Records:
• • • • • • •
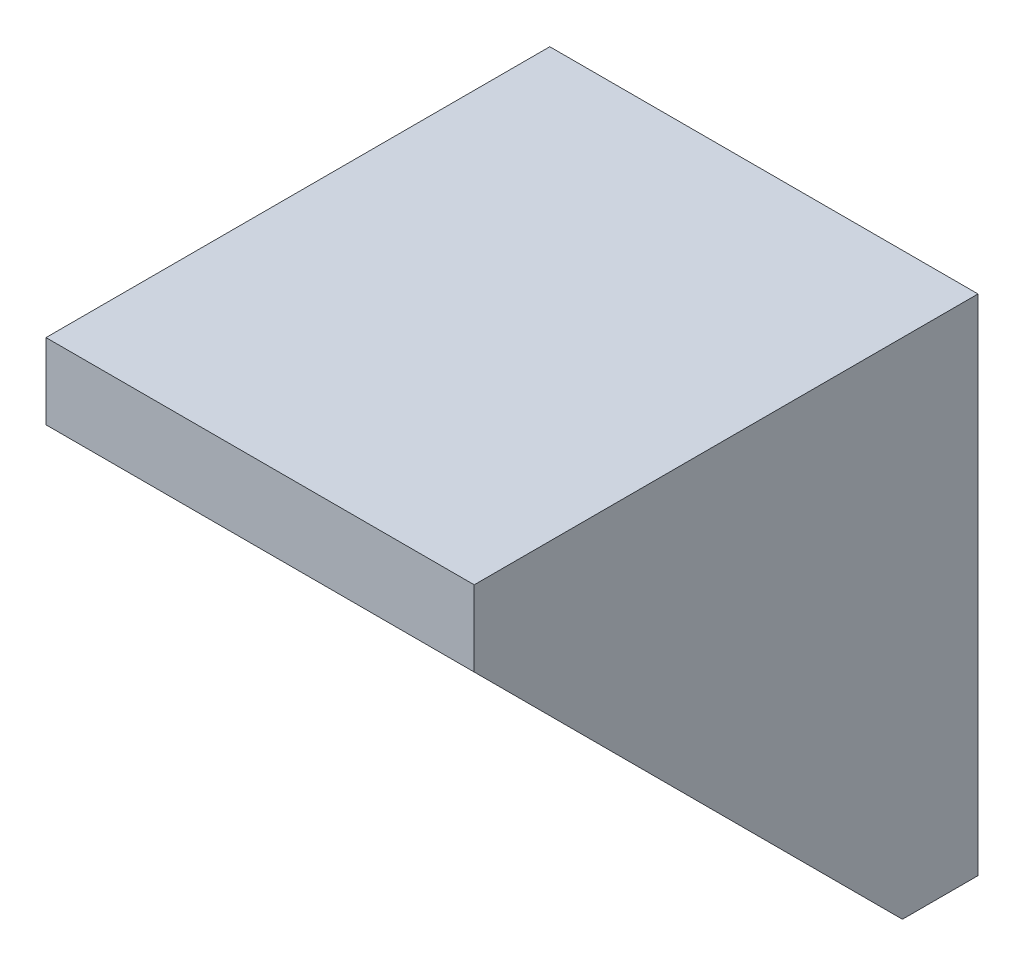
SolidWorks part; units mm, degrees
material "1060 Alloy"
ref_plane "Front Plane" through (0, 0, 0) normal (0, 0, 1) x (1, 0, 0)
ref_plane "Top Plane" through (0, 0, 0) normal (0, 1, 0) x (1, 0, 0)
ref_plane "Right Plane" through (0, 0, 0) normal (1, 0, 0) x (0, 0, -1)
sketch "Sketch1" plane through (0, 0, 0) normal (1, 0, 0) x (0, 0, -1)
  line L0 (0, 0) -> (-20, 0)
  line L1 (-20, 0) -> (-20, -3)
  line L2 (-20, -3) -> (-11.5, -11.5)
  line L3 (-11.5, -11.5) -> (0, 0) construction
  line L4 (-3, -20) -> (-11.5, -11.5)
  line L5 (0, -20) -> (-3, -20)
  line L6 (0, 0) -> (0, -20)
  dimension "D1" = 3
  dimension "D2" = 20
extrude "Boss-Extrude1" add sketch "Sketch1" along normal mid plane 17
sketch "Sketch2" plane through (0, 0, 0) normal (1, 0, 0) x (0, 0, -1)
  line L0 (-20, -3) -> (-3, -20) construction
  line L1 (-3, -3) -> (-20, -3)
  line L2 (-3, -3) -> (-3, -20)
  line L3 (-3, -20) -> (-20, -20)
  line L4 (-20, -3) -> (-20, -20)
  line L5 (-20, 0) -> (-20, -3) construction
extrude "Cut-Extrude1" cut sketch "Sketch2" against normal mid plane 12
sketch "Sketch3" plane through (0, 0, 3) normal (0, 0, 1) x (1, 0, 0)
  line L0 (0, -9) -> (0, -12) construction
  line L1 (-3, -9) -> (-3, -12)
  line L2 (3, -9) -> (3, -12)
  line L3 (0, -10.5) -> (0.7454, -10.5) construction
  line L4 (-6, -20) -> (6, -20) construction
  arc A0 (-3, -9) -> (3, -9) centre (0, -9) cw
  arc A1 (-3, -12) -> (3, -12) centre (0, -12) ccw
  dimension "D3" = 9
  dimension "D4" = 5
  dimension "D1" = 3
  dimension "D2" = 3
extrude "Cut-Extrude2" cut sketch "Sketch3" against normal up to next
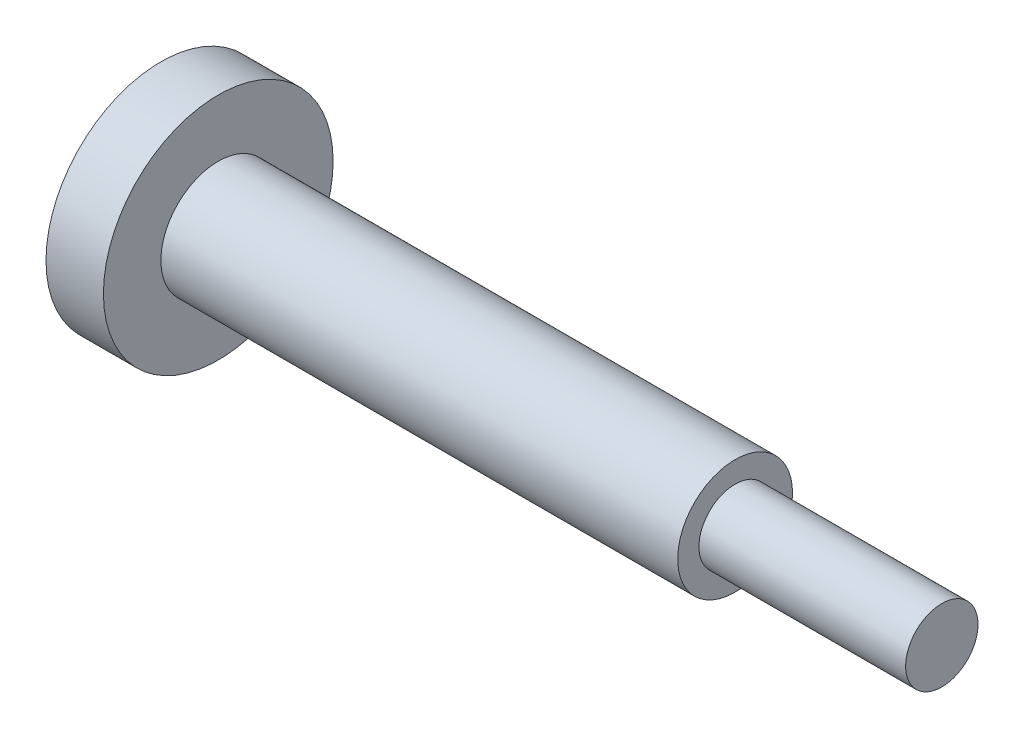
SolidWorks part; units mm, degrees
ref_plane "Front Plane" through (0, 0, 0) normal (0, 0, 1) x (1, 0, 0)
ref_plane "Top Plane" through (0, 0, 0) normal (0, 1, 0) x (1, 0, 0)
ref_plane "Right Plane" through (0, 0, 0) normal (1, 0, 0) x (0, 0, -1)
sketch "Sketch1" plane through (0, 0, 0) normal (1, 0, 0) x (0, 0, -1)
  circle A0 centre (0, 0) radius 3.175
  circle A1 centre (0, 0) radius 2
  dimension "D1" = 6.35
  dimension "D2" = 4
extrude "Boss-Extrude1" add sketch "Sketch1" along normal blind 11.43 contours A0 | A1 region at (0, 0, 0)
extrude "Boss-Extrude2" add sketch "Sketch1<3>" against normal blind 28.575 contours A0 | A1 region at (0, 0, 3.0852) region at (0, 0, 0)
sketch "Sketch1<3>" plane through (0, 0, 0) normal (1, 0, 0) x (0, 0, -1) same geometry as "Sketch1"
sketch "Sketch2" plane through (-28.575, 0, 0) normal (-1, 0, 0) x (0, 0, 1)
  circle A0 centre (0, 0) radius 6.35
  dimension "D1" = 12.7
extrude "Boss-Extrude3" add sketch "Sketch2" along normal blind 3.175
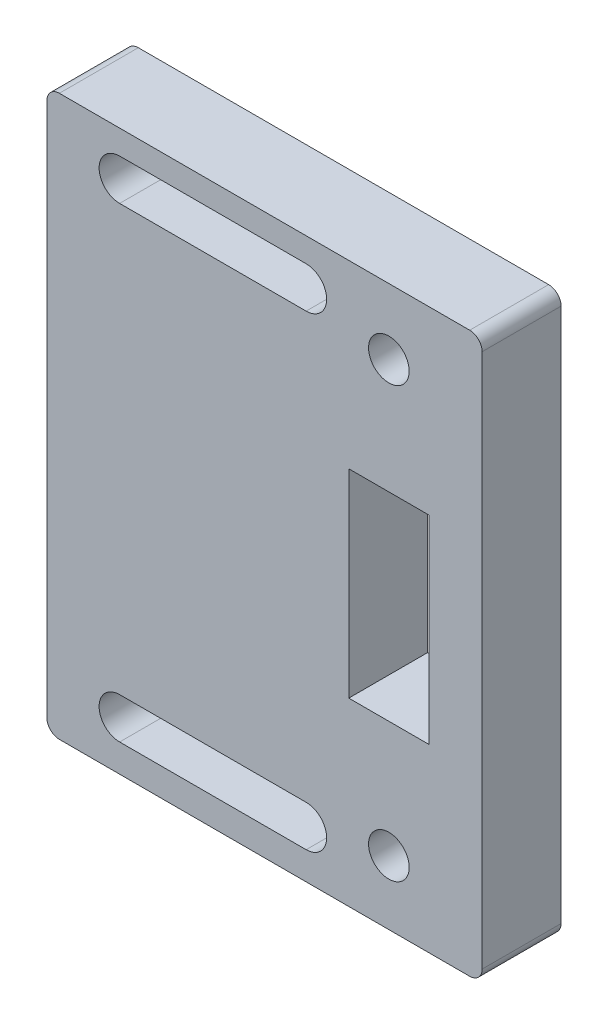
SolidWorks part; units mm, degrees
ref_plane "Front Plane" through (0, 0, 0) normal (0, 0, 1) x (1, 0, 0)
ref_plane "Top Plane" through (0, 0, 0) normal (0, 1, 0) x (1, 0, 0)
ref_plane "Right Plane" through (0, 0, 0) normal (1, 0, 0) x (0, 0, -1)
sketch "Sketch1" plane through (0, 0, 0) normal (0, 0, 1) x (1, 0, 0)
  line L0 (70, -45) -> (0, -45) construction
  line L1 (0, 0) -> (70, 0)
  line L2 (0, 0) -> (0, -90)
  line L3 (0, -90) -> (70, -90)
  line L4 (70, 0) -> (70, -90)
  line L5 (55, -45) -> (55, -29.025) construction
  line L6 (55, -29.025) -> (61.45, -29.025)
  line L7 (61.45, -29.025) -> (61.45, -60.975)
  line L8 (61.45, -60.975) -> (55, -60.975)
  line L9 (55, -60.975) -> (48.55, -60.975)
  line L10 (48.55, -60.975) -> (48.55, -29.025)
  line L11 (48.55, -29.025) -> (55, -29.025)
  line L12 (55, -45) -> (55, -60.975) construction
  line L13 (55, 0) -> (55, -13.25) construction
  line L14 (55, -90) -> (55, -79.56) construction
  dimension "D1" = 90
  dimension "D2" = 55
  dimension "D3" = 12.9
  dimension "D4" = 31.95
  dimension "D5" = 70
  dimension "D6" = 10.44
  dimension "D7" = 55
  dimension "D8" = 55
extrude "Boss-Extrude1" add sketch "Sketch1" along normal blind 12.7
sketch "Sketch4" plane through (0, 0, 0) normal (0, 0, -1) x (-1, 0, 0)
  line L0 (-55, -0.2792) -> (-55, -10.5796)
  line L2 (-55, -90) -> (-55, -79.6996)
  line L4 (-55, -79.6996) -> (-55, -10.5796) construction
  line L5 (0, 0) -> (0, -90) construction
  line L6 (0, -90) -> (-70, -90) construction
  line L9 (0, -90) -> (-70, -90) construction
  dimension "D1" = 55
  dimension "D2" = 10.3004
  dimension "D3" = 69.12
hole_wizard "CSK for 1/4 Flat Head Machine Screw1" positions "Sketch5" profile "Sketch6" countersink size "1/4" standard "ANSI Inch" end condition through all
sketch "Sketch5" plane through (0, 0, 0) normal (0, 0, -1) x (-1, 0, 0)
  point P0 (-55, -10.5796)
  point P3 (-55, -79.6996)
sketch "Sketch6" plane through (55, -10.5796, 0) normal (1, 0, 0) x (0, 1, 0)
  line L0 (0, 0) -> (0, 12.7)
  line L1 (0, 12.7) -> (3.2639, 12.7)
  line L2 (3.2639, 12.7) -> (3.2639, 3.6524)
  line L3 (3.2639, 3.6524) -> (6.4389, 0)
  line L5 (6.4389, 0) -> (0, 0)
  line L6 (-3.2639, 3.6524) -> (-6.4389, 0) construction
  line L11 (0, -6.35) -> (0, 107.95) construction
  dimension "Thru Hole Dia." = 6.5278
  dimension "Thru Hole Depth" = 12.7
  dimension "Near C'Sink Dia." = 12.8778
  dimension "Near C'Sink Angle" = 82
fillet "Fillet1" radius 2 4 edges at (0, 0, 6.35) (70, 0, 6.35) (0, -90, 6.35) (70, -90, 6.35)
sketch "Sketch7" plane through (0, 0, 0) normal (0, 0, -1) x (-1, 0, 0)
  line L0 (-41.6955, -85.5134) -> (-11.6955, -85.5134)
  line L1 (-11.6955, -78.9134) -> (-41.6955, -78.9134)
  line L2 (-11.6955, -78.9134) -> (-11.6955, -10.4934) construction
  line L3 (-11.6955, -10.4934) -> (-41.6955, -10.4934)
  line L4 (-11.6955, -3.8934) -> (-41.6955, -3.8934)
  arc A0 (-11.6955, -85.5134) -> (-11.6955, -78.9134) centre (-11.6955, -82.2134) ccw
  arc A1 (-41.6955, -78.9134) -> (-41.6955, -85.5134) centre (-41.6955, -82.2134) ccw
  arc A2 (-11.6955, -10.4934) -> (-11.6955, -3.8934) centre (-11.6955, -7.1934) ccw
  arc A3 (-41.6955, -3.8934) -> (-41.6955, -10.4934) centre (-41.6955, -7.1934) ccw
  dimension "D1" = 3.3
  dimension "D4" = 3.3
  dimension "D2" = 30
  dimension "D3" = 68.42
  dimension "D5" = 30
extrude "Cut-Extrude1" cut sketch "Sketch7" against normal through all contours A1 L0 A0 L1 | A3 L3 A2 L4
• • • • • • •
Copy out all lines above holding "against".

extrude "Cut-Extrude1" cut sketch "Sketch2" against normal mid plane 12
extrude "Cut-Extrude2" cut sketch "Sketch3" against normal up to next
extrude "Boss-Extrude2" add sketch "Sketch1<3>" against normal blind 28.575 contours A0 | A1 region at (0, 0, 3.0852) region at (0, 0, 0)
extrude "Cut-Extrude1" cut sketch "Sketch7" against normal through all contours A1 L0 A0 L1 | A3 L3 A2 L4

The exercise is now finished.